Exercise brief:
Please return every line below that contains the string "ezdxf".

───── Given records ─────

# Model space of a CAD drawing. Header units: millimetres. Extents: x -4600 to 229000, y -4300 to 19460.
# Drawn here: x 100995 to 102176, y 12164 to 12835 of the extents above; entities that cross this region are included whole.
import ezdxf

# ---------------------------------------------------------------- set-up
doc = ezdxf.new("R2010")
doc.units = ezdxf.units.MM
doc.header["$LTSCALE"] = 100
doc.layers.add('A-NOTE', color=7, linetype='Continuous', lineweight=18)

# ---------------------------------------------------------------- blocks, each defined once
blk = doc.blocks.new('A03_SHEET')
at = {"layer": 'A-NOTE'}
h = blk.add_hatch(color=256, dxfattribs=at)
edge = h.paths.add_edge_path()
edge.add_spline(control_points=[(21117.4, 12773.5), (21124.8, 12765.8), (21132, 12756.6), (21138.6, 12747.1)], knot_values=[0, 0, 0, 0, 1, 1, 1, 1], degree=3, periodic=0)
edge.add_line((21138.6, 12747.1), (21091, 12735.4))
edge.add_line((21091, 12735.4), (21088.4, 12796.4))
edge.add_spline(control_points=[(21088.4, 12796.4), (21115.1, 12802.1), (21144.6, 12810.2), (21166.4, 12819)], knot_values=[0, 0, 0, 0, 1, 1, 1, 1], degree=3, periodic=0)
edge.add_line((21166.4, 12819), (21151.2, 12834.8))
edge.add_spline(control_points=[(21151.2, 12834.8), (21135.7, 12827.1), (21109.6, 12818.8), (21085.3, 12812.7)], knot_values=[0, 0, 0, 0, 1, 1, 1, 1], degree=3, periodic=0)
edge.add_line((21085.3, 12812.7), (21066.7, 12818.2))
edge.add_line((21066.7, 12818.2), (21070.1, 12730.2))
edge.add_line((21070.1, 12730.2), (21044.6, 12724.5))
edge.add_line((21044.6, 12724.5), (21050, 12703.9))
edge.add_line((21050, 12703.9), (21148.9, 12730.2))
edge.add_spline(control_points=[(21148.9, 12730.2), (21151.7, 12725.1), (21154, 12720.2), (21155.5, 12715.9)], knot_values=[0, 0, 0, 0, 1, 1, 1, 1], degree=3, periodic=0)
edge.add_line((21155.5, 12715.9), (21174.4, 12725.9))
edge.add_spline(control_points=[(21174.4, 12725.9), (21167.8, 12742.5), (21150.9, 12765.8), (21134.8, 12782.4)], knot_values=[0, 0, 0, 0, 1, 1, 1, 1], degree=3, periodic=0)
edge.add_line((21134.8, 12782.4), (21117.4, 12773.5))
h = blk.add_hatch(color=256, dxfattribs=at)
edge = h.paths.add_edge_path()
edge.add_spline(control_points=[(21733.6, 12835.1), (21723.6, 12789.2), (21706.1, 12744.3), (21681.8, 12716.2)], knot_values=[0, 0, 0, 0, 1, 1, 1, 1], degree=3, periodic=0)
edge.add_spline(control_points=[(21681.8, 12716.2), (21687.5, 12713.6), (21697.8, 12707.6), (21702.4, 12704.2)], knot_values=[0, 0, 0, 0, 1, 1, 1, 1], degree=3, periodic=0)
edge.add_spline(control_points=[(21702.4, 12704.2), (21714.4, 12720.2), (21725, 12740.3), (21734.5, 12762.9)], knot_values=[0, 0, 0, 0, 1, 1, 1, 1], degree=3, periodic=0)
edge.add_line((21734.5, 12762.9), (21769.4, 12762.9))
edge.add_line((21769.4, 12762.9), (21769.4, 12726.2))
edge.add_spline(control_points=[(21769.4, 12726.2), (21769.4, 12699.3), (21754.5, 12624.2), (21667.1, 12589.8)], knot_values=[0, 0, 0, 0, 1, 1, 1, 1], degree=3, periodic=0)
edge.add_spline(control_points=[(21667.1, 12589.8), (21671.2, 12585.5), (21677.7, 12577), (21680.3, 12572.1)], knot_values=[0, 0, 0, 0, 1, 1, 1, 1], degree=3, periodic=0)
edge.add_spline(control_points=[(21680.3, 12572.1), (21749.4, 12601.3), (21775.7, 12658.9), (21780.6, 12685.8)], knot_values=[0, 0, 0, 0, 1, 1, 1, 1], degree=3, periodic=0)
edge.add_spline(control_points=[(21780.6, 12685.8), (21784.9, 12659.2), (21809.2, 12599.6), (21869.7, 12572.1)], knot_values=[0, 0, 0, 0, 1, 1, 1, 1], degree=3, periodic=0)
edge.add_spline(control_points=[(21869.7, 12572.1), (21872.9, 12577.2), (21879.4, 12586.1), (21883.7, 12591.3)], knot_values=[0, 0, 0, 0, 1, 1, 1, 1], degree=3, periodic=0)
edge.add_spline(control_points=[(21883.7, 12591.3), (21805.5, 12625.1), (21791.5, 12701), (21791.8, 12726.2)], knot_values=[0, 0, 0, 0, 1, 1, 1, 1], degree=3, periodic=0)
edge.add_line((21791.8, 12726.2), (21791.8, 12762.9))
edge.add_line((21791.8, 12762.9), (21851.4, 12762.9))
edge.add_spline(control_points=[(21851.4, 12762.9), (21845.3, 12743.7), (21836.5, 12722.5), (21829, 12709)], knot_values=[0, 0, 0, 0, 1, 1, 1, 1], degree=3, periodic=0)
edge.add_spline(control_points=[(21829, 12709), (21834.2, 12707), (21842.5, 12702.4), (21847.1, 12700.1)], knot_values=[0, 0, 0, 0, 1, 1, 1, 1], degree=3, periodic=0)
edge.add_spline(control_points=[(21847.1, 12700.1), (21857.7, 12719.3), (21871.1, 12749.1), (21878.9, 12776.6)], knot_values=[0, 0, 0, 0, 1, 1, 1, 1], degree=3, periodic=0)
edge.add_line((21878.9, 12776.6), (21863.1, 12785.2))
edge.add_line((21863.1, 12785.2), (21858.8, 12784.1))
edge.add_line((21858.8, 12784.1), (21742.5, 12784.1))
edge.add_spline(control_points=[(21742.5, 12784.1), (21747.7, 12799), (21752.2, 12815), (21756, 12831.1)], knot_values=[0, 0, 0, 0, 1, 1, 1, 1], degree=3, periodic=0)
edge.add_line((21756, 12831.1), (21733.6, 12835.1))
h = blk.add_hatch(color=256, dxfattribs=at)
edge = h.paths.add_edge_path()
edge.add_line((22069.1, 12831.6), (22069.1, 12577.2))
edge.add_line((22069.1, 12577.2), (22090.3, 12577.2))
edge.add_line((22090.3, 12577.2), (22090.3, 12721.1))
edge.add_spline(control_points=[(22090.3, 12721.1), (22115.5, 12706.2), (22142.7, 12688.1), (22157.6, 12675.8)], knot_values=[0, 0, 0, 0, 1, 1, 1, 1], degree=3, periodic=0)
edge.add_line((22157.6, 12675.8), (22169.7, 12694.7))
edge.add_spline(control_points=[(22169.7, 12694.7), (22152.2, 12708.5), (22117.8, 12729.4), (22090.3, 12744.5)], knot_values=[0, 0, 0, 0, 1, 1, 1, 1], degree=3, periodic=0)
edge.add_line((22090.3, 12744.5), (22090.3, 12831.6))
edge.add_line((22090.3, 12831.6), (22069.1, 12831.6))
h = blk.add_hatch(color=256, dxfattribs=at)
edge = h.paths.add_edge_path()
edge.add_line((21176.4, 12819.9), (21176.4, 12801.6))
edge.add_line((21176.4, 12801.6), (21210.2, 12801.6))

─────

Response box:
import ezdxf
doc = ezdxf.new("R2010")
doc.units = ezdxf.units.MM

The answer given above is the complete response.